▶ _DATA SUPPLIED_:
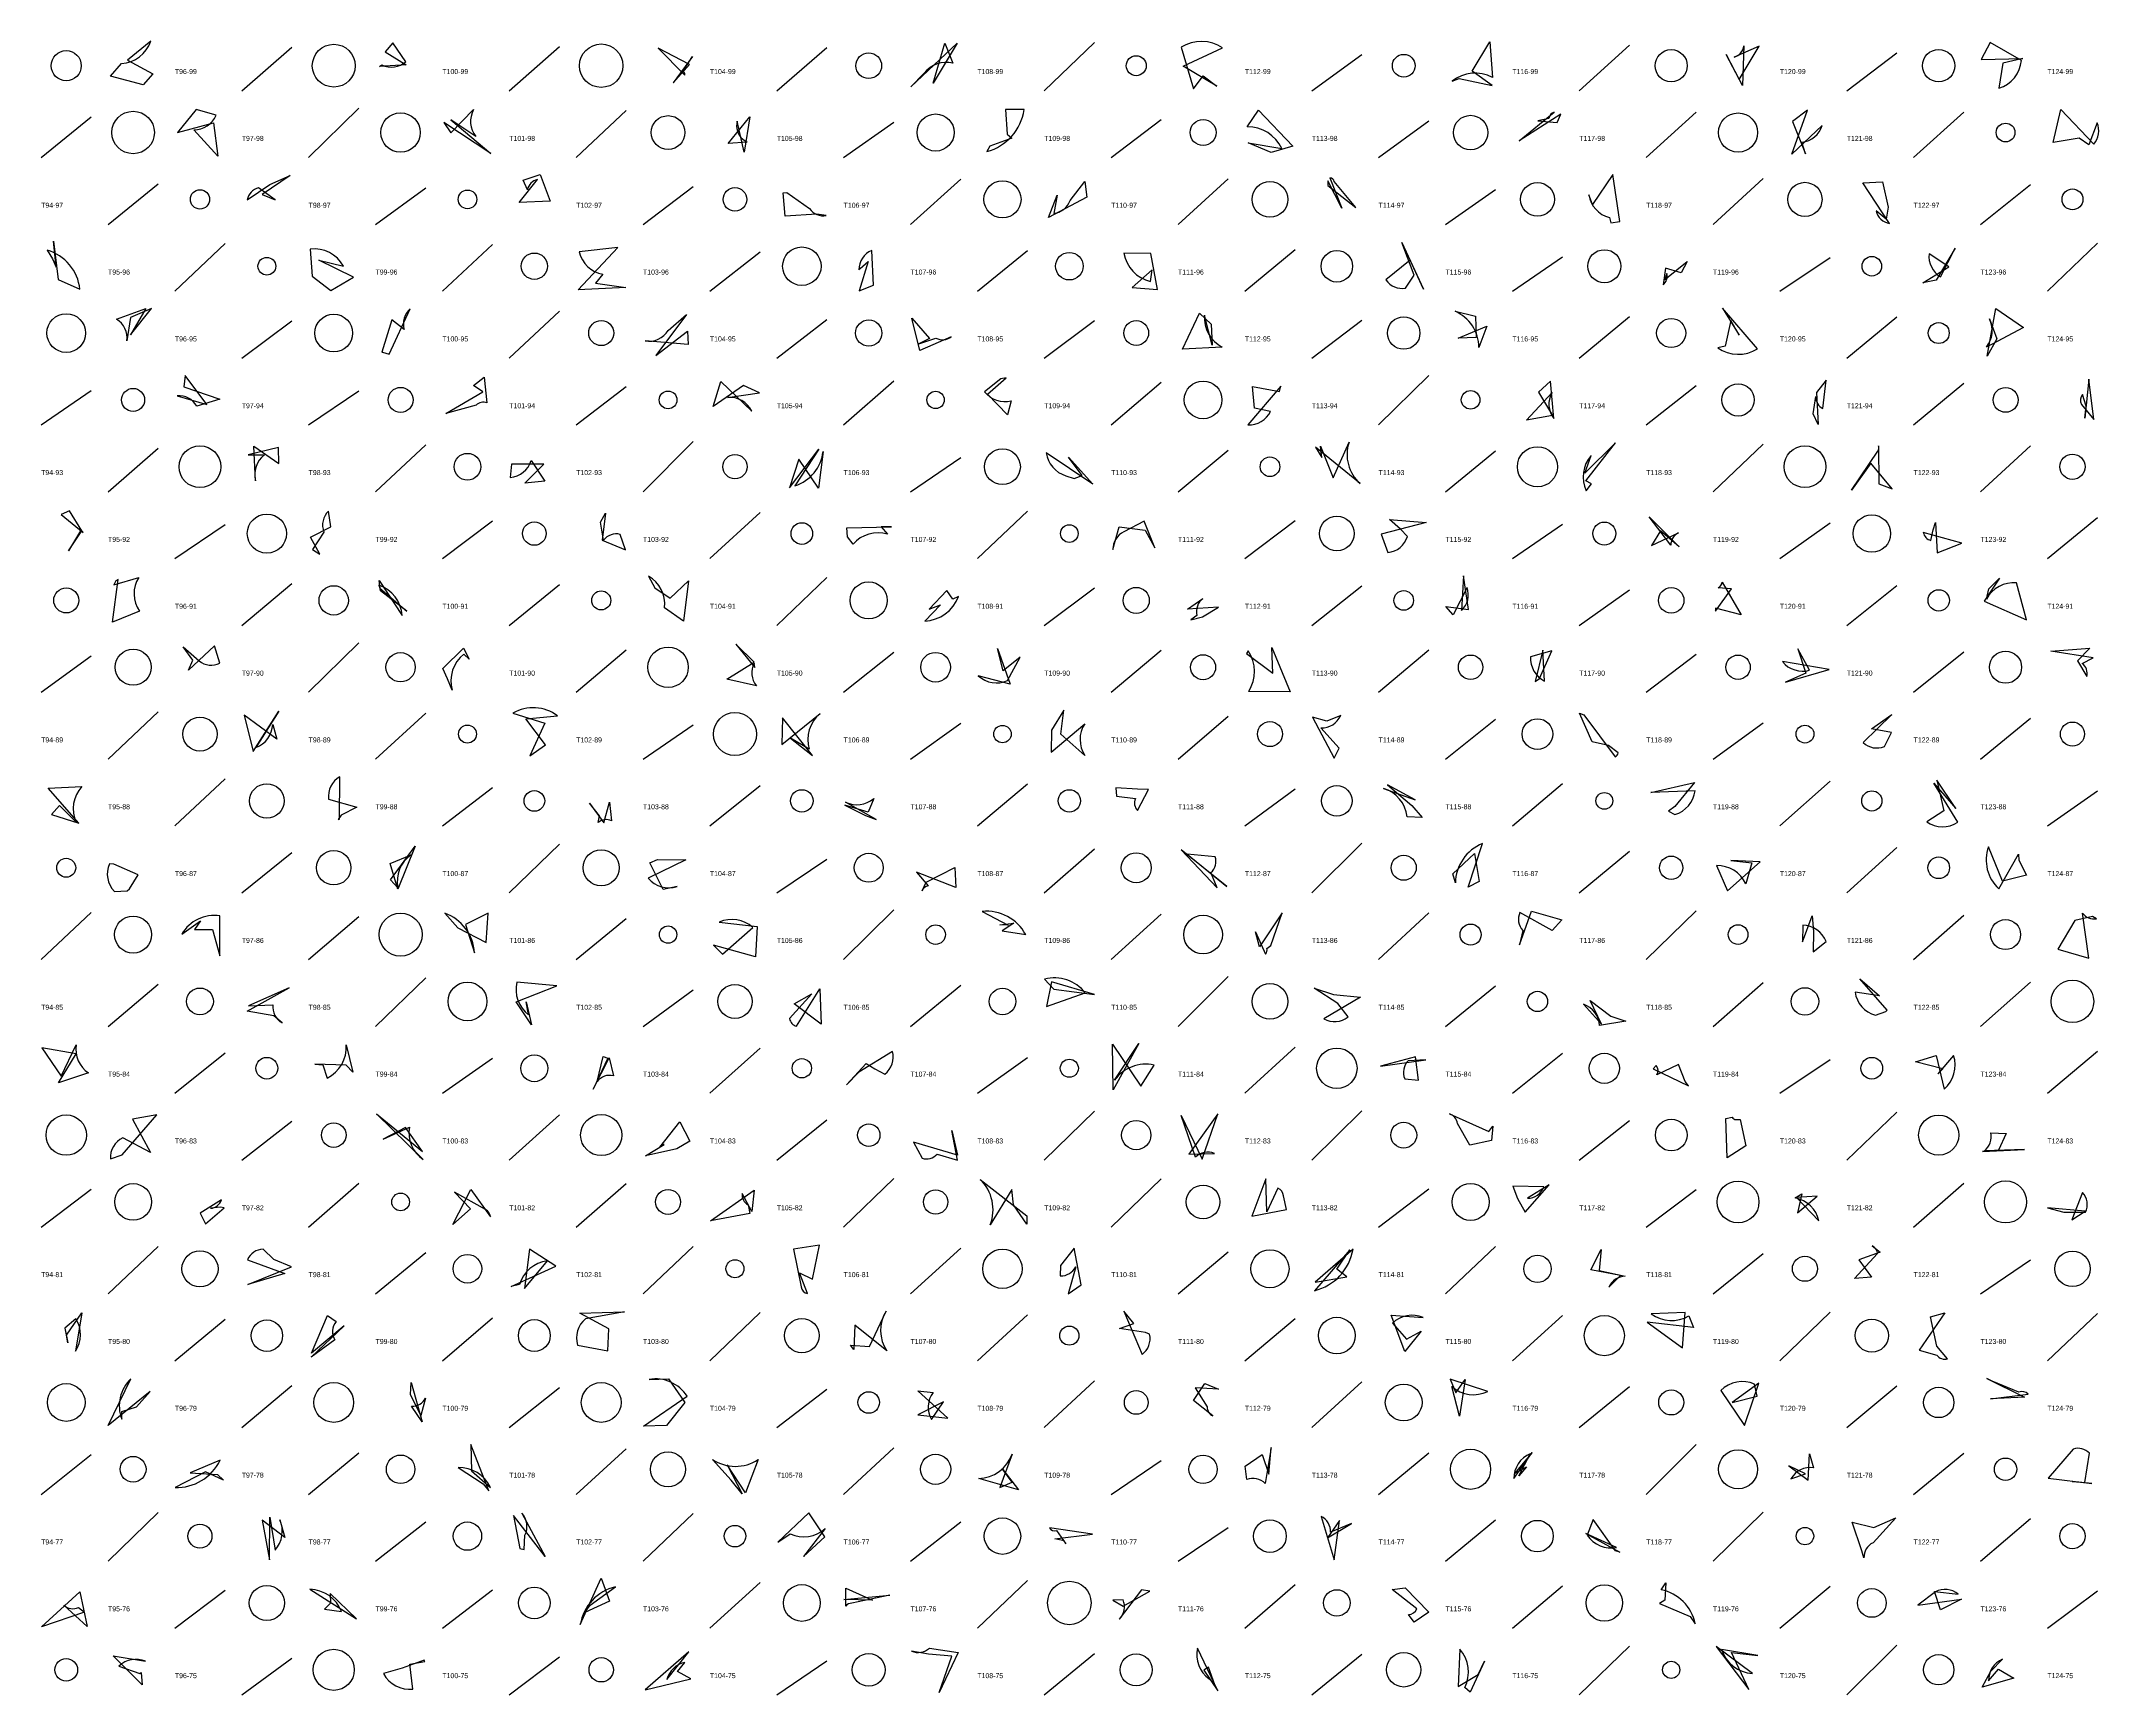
# Model space of a CAD drawing. Header units: millimetres. Extents: x -1 to 9990, y 0 to 15990.
# Drawn here: x 3760 to 4991, y 3000 to 3990 of the extents above; entities that cross this region are included whole.
import ezdxf

# ---------------------------------------------------------------- set-up
doc = ezdxf.new("R2010")
doc.units = ezdxf.units.MM
doc.layers.add('TEXT', color=3, linetype='Continuous')
doc.layers.add('WALL', color=1, linetype='Continuous')

msp = doc.modelspace()

# ---------------------------------------------------------------- linework, layer by layer
for points in [[(3821.1, 3963.5), (3801.5, 3968.7), (3808.1, 3976.3, 0.3), (3825.6, 3989.7), (3811.7, 3978.4), (3826.8, 3970.2)], [(3978.3, 3975.6), (3962.4, 3974.6), (3963.8, 3975.5, 0.3), (3978.2, 3977.4), (3970.3, 3988.7), (3965.8, 3983.3)], [(4293.5, 3964.6), (4300.5, 3988.5), (4305.3, 3976.5, 0.3), (4288.2, 3970.6), (4280.1, 3962.3), (4308, 3988.4)], [(4463.2, 3962.8), (4443, 3974.8), (4466.7, 3985.6, 0.3), (4441.8, 3986), (4449.3, 3961.2), (4455.1, 3968.9)], [(4616, 3971.8), (4626.6, 3989.2), (4628.1, 3968, 0.3), (4603.9, 3965.7), (4608.2, 3967.3), (4628, 3963.1)], [(4945.3, 3979.3), (4933.4, 3976.5), (4931, 3961.5, 0.3), (4944.5, 3978.2), (4925.7, 3988.8), (4920.3, 3978.8)], [(4147.9, 3975.7), (4129.1, 3985.5), (4145.1, 3969.4, 0.3), (4143.8, 3971.6), (4149.6, 3980.5), (4138, 3964.7)], [(4775.7, 3966.8), (4787.6, 3986.7), (4772.6, 3980.1, 0.3), (4778.4, 3986.8), (4777.6, 3963.2), (4767.9, 3981.8)], [(3863, 3940.8), (3865.6, 3920.9), (3851.3, 3936.7, 0.3), (3864.7, 3945.4), (3852.8, 3948.7), (3841.5, 3935)], [(4000.8, 3941.1), (4005.1, 3934.9), (4018.6, 3948.7, 0.3), (4020, 3932.6), (4005.1, 3942.6), (4028.9, 3922.5)], [(4183.9, 3944.4), (4180.5, 3923.2), (4176.4, 3941.9, 0.3), (4179.7, 3931), (4182.2, 3929.2), (4170.9, 3928.5)], [(4340.7, 3931.6), (4327.4, 3926.8), (4325.7, 3923.6, 0.3), (4347.9, 3948.7), (4336.8, 3948.8), (4337.8, 3934)], [(4495.7, 3923), (4482, 3928.8), (4502, 3925.4, 0.3), (4481.4, 3938.4), (4488.2, 3948.3), (4508.7, 3926.9)], [(4669, 3945.9), (4644, 3930.1), (4664.9, 3947.2, 0.3), (4661.9, 3943.4), (4655.2, 3942), (4666.8, 3941.1)], [(4807.6, 3941.7), (4815.3, 3922.3), (4813.2, 3929.3, 0.3), (4825.3, 3939.2), (4807.2, 3922.1), (4816.5, 3948.4)], [(4963.4, 3929), (4968.1, 3948.8), (4987.7, 3928, 0.3), (4989.7, 3940.9), (4984.8, 3927.7), (4979.1, 3931.6)], [(3892.2, 3898), (3899.9, 3894.8), (3890, 3901.9, 0.3), (3883.3, 3894.7), (3896.8, 3904), (3908.9, 3909.2)], [(4064.5, 3894), (4045.9, 3893.1), (4056.9, 3906.9, 0.3), (4050.9, 3900.7), (4048.3, 3906.5), (4058.4, 3909.8)], [(4362.6, 3884.2), (4367.7, 3897.5), (4365.7, 3886.6, 0.3), (4375.4, 3894.3), (4384.2, 3905.6), (4385.5, 3896.3)], [(4529.7, 3903.4), (4546.4, 3890.2), (4533.5, 3905.7, 0.3), (4530.9, 3907.9), (4538, 3889.7), (4529.6, 3906.1)], [(4700, 3909.9), (4688, 3892), (4685.8, 3897.8, 0.3), (4698, 3884.1), (4698.8, 3880.9), (4704.2, 3881.7)], [(4864.7, 3890.4), (4863.6, 3883.2), (4857.5, 3888.1, 0.3), (4865.6, 3880.6), (4849.7, 3904.9), (4861.4, 3905.5)], [(4203.8, 3898.9), (4206, 3899.1), (4219.6, 3889.6, 0.3), (4229.6, 3885.3), (4224, 3886.1), (4205.1, 3884.9)], [(3767.4, 3869.9), (3770.1, 3847), (3783.2, 3841.2, 0.3), (3763.6, 3864.7), (3766.7, 3859.5), (3768.9, 3854.4)], [(3946.9, 3848.4), (3926.1, 3858.6), (3940.8, 3855.1, 0.3), (3921, 3865.3), (3922.1, 3849.1), (3933.3, 3840.5)], [(4081.2, 3840.8), (4104.9, 3866.1), (4081.8, 3863.6, 0.3), (4096, 3850.2), (4091.6, 3844.9), (4109.7, 3842.2)], [(4586.8, 3841.2), (4578.9, 3858.7), (4564.4, 3846.8, 0.3), (4576.1, 3841.9), (4581.2, 3849.6), (4573.8, 3869.1)], [(4885.6, 3845.1), (4901, 3854.6), (4889.3, 3862.4, 0.3), (4896, 3848.7), (4904.8, 3865.9), (4893.5, 3846.7)], [(4249.2, 3840.2), (4257.9, 3843.6), (4256.8, 3864.5, 0.3), (4249.1, 3852.8), (4249.9, 3853.7), (4254.6, 3857.9)], [(4427.8, 3841), (4423.7, 3862.6), (4407.6, 3862.8, 0.3), (4423.5, 3845.9), (4424.6, 3852.8), (4412.6, 3842.2)], [(4740.9, 3851.1), (4731.5, 3853.9), (4730.1, 3843.9, 0.3), (4732.4, 3850.6), (4731.2, 3847.1), (4744.6, 3857.9)], [(3826.1, 3829.7), (3813.4, 3824.3), (3811.3, 3810.3, 0.3), (3805.1, 3823.3), (3822.7, 3829.6), (3813.4, 3814)], [(3964.2, 3803.5), (3968.2, 3802.3), (3980.7, 3829.5, 0.3), (3977.2, 3817.1), (3969.8, 3822.9), (3963.8, 3803.5)], [(4607.5, 3812), (4624.7, 3819.1), (4620, 3806.4, 0.3), (4605.7, 3828), (4618, 3825.2), (4618.3, 3812.4)], [(4770.6, 3822.5), (4767.3, 3807.2), (4762.8, 3806.1, 0.3), (4786.6, 3805.6), (4765.6, 3829.8), (4775.6, 3813.8)], [(4929.1, 3829.6), (4945.7, 3818.3), (4923.5, 3806.6, 0.3), (4925.3, 3823.5), (4929.8, 3811.6), (4924, 3801.2)], [(4146.7, 3816.1), (4147, 3808.1), (4121.2, 3810.3, 0.3), (4135.1, 3816.5), (4146, 3826.1), (4127.6, 3801.6)], [(4291.4, 3811.8), (4284.9, 3808.6), (4295.2, 3812, 0.3), (4304.3, 3812.8), (4285.5, 3804.5), (4280.8, 3824)], [(4459.9, 3820.4), (4460.5, 3807.8), (4455.9, 3825.7, 0.3), (4466.5, 3806.6), (4442.7, 3805.3), (4452.9, 3826.9)], [(3845.4, 3782.8), (3866.8, 3775.5), (3853.2, 3771.2, 0.3), (3841.3, 3777.4), (3859.1, 3772.3), (3846.1, 3789.6)], [(4018.6, 3783.7), (4025, 3788.6), (4026.6, 3773.2, 0.3), (4020.2, 3771.9), (4002, 3766.8), (4024.1, 3779.9)], [(4162, 3771), (4166.5, 3786.1), (4185.1, 3768.3, 0.3), (4170.6, 3776.5), (4189.7, 3779.2), (4180.2, 3783.7)], [(4337.2, 3788.2), (4334, 3787.7), (4324.3, 3779.8, 0.3), (4340.3, 3774.5), (4338, 3766.1), (4326.1, 3778.5)], [(4500.8, 3780), (4501.5, 3783.3), (4481.8, 3760.1, 0.3), (4495.4, 3768.1), (4485.8, 3770), (4484.5, 3783.1)], [(4664, 3765.7), (4648.4, 3762.9), (4663.7, 3779.4, 0.3), (4664.7, 3763.8), (4662.8, 3786.3), (4655.6, 3779.6)], [(4823, 3760.3), (4820, 3766.6), (4821.5, 3777, 0.3), (4825.7, 3769.8), (4827.7, 3786.9), (4821.9, 3779.5)], [(4982.4, 3764), (4983.2, 3771.2), (4981.1, 3778.2, 0.3), (4980.4, 3772.3), (4987.8, 3763.2), (4984.8, 3787.5)], [(3902, 3746.6), (3883.8, 3742.1), (3893.5, 3742.1, 0.3), (3888.2, 3726.5), (3887.2, 3747.4), (3902.2, 3736.9)], [(4207.7, 3722.3), (4225.1, 3745.5), (4210.8, 3723.6, 0.3), (4227.7, 3744.2), (4224.9, 3722.1), (4213.1, 3739.5)], [(4374.5, 3740.7), (4389, 3724.6), (4361.2, 3743.4, 0.3), (4373, 3729.6), (4377.9, 3727.9), (4382.7, 3729.8)], [(4525.2, 3747.4), (4532.8, 3728.3), (4542.3, 3749.6, 0.3), (4548.9, 3724.9), (4522.3, 3746.7), (4526.1, 3740.6)], [(4701.6, 3749.2), (4683.4, 3731.1), (4687.1, 3741.7, 0.3), (4684.2, 3720.6), (4687.3, 3724.7), (4683.9, 3726.5)], [(4854.4, 3737.1), (4842.8, 3721), (4858.6, 3744.4, 0.3), (4859, 3747.5), (4859.2, 3724.7), (4867.2, 3721.8)], [(4060.6, 3736.5), (4041.3, 3736.5), (4040.6, 3728.5, 0.3), (4053.1, 3738.7), (4061.3, 3726.3), (4049.3, 3725.1)], [(3777, 3708.6), (3771.9, 3706.5), (3785.2, 3695.6, 0.3), (3783.6, 3696.7), (3776.4, 3684.6), (3784.3, 3696.7)], [(3921.1, 3692.9), (3933.3, 3699), (3931.9, 3708.5, 0.3), (3929.1, 3695.9), (3922.3, 3685.4), (3926.7, 3682.7)], [(4095.6, 3691), (4109.6, 3685.3), (4106.4, 3694.5, 0.3), (4096.4, 3691), (4094.5, 3701.8), (4097.6, 3707.2)], [(4728.5, 3696.6), (4723.3, 3687.8), (4739.4, 3695.4, 0.3), (4734.8, 3688), (4721.9, 3705.1), (4739.7, 3687)], [(4268.7, 3699), (4262.4, 3699.1), (4266.2, 3694.6, 0.3), (4245.7, 3688.6), (4242.4, 3693), (4242, 3698.5)], [(4426.2, 3686.5), (4419.8, 3702.4), (4407.6, 3696, 0.3), (4401.1, 3685.4), (4404.9, 3699), (4420.4, 3697)], [(4588.4, 3701.6), (4561.5, 3694.7), (4565.5, 3683.6, 0.3), (4577.2, 3693.3), (4573, 3697.6), (4566.5, 3703.5)], [(4894.1, 3683.4), (4908.8, 3689.2), (4885.8, 3695.6, 0.3), (4890.3, 3690.9), (4891.6, 3697.2), (4893, 3701.6)], [(3804.6, 3666.7), (3803.4, 3664.4), (3818.4, 3668.8, 0.3), (3818.8, 3648.5), (3802.7, 3641.9), (3806, 3667.6)], [(4147.2, 3666.8), (4144.2, 3642.6), (4132.9, 3650.6, 0.3), (4123.2, 3669.6), (4127, 3662.6), (4136.2, 3656.4)], [(4613.8, 3649.6), (4610.8, 3669.7), (4609.5, 3649, 0.3), (4612.9, 3662.7), (4604.5, 3646.3), (4600.2, 3651.3)], [(4922.1, 3654.5), (4947.6, 3643.4), (4941.6, 3665.5, 0.3), (4923.5, 3655.8), (4924.9, 3662), (4931.4, 3668.4)], [(3962.9, 3660.8), (3962.1, 3667), (3976, 3646, 0.3), (3961.9, 3664.1), (3962.5, 3662.4), (3978.7, 3648.6)], [(4291.1, 3649.8), (4297.9, 3652.4), (4288.5, 3642.6, 0.3), (4308.7, 3657.3), (4305.4, 3655.7), (4301.7, 3660.9)], [(4464.2, 3651), (4445.7, 3649.8), (4454.9, 3656.2, 0.3), (4451.3, 3646), (4447.7, 3643.4), (4454.7, 3645.1)], [(4761.4, 3648.5), (4771, 3662), (4763.1, 3662.6, 0.3), (4765.4, 3666), (4776.9, 3646.4), (4761.5, 3650.3)], [(3850.7, 3619.2), (3844.9, 3627.2), (3854.5, 3618.8, 0.3), (3866.9, 3617.5), (3863.6, 3627.8), (3848.2, 3613.3)], [(4012.6, 3626.4), (4016.1, 3619.9), (4012.8, 3622.9, 0.3), (4005.8, 3601.3), (4003, 3608), (4000.2, 3614.2)], [(4175.5, 3628.8), (4186.9, 3614.9), (4186.5, 3617.4, 0.3), (4187.8, 3603.9), (4170.1, 3607.9), (4186.4, 3618)], [(4332, 3626.3), (4339.7, 3604.8), (4320.5, 3609.9, 0.3), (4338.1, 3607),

▶ _THE TASK_: In the listing above, start at the line with "doc.layers.add('TEXT', color=3, linetype='Continuous')", go on through the line with "layer by layer", and copy each of those lines exactly; leave out all the rest.

▶ _RESULT_:
doc.layers.add('TEXT', color=3, linetype='Continuous')
doc.layers.add('WALL', color=1, linetype='Continuous')

msp = doc.modelspace()

# ---------------------------------------------------------------- linework, layer by layer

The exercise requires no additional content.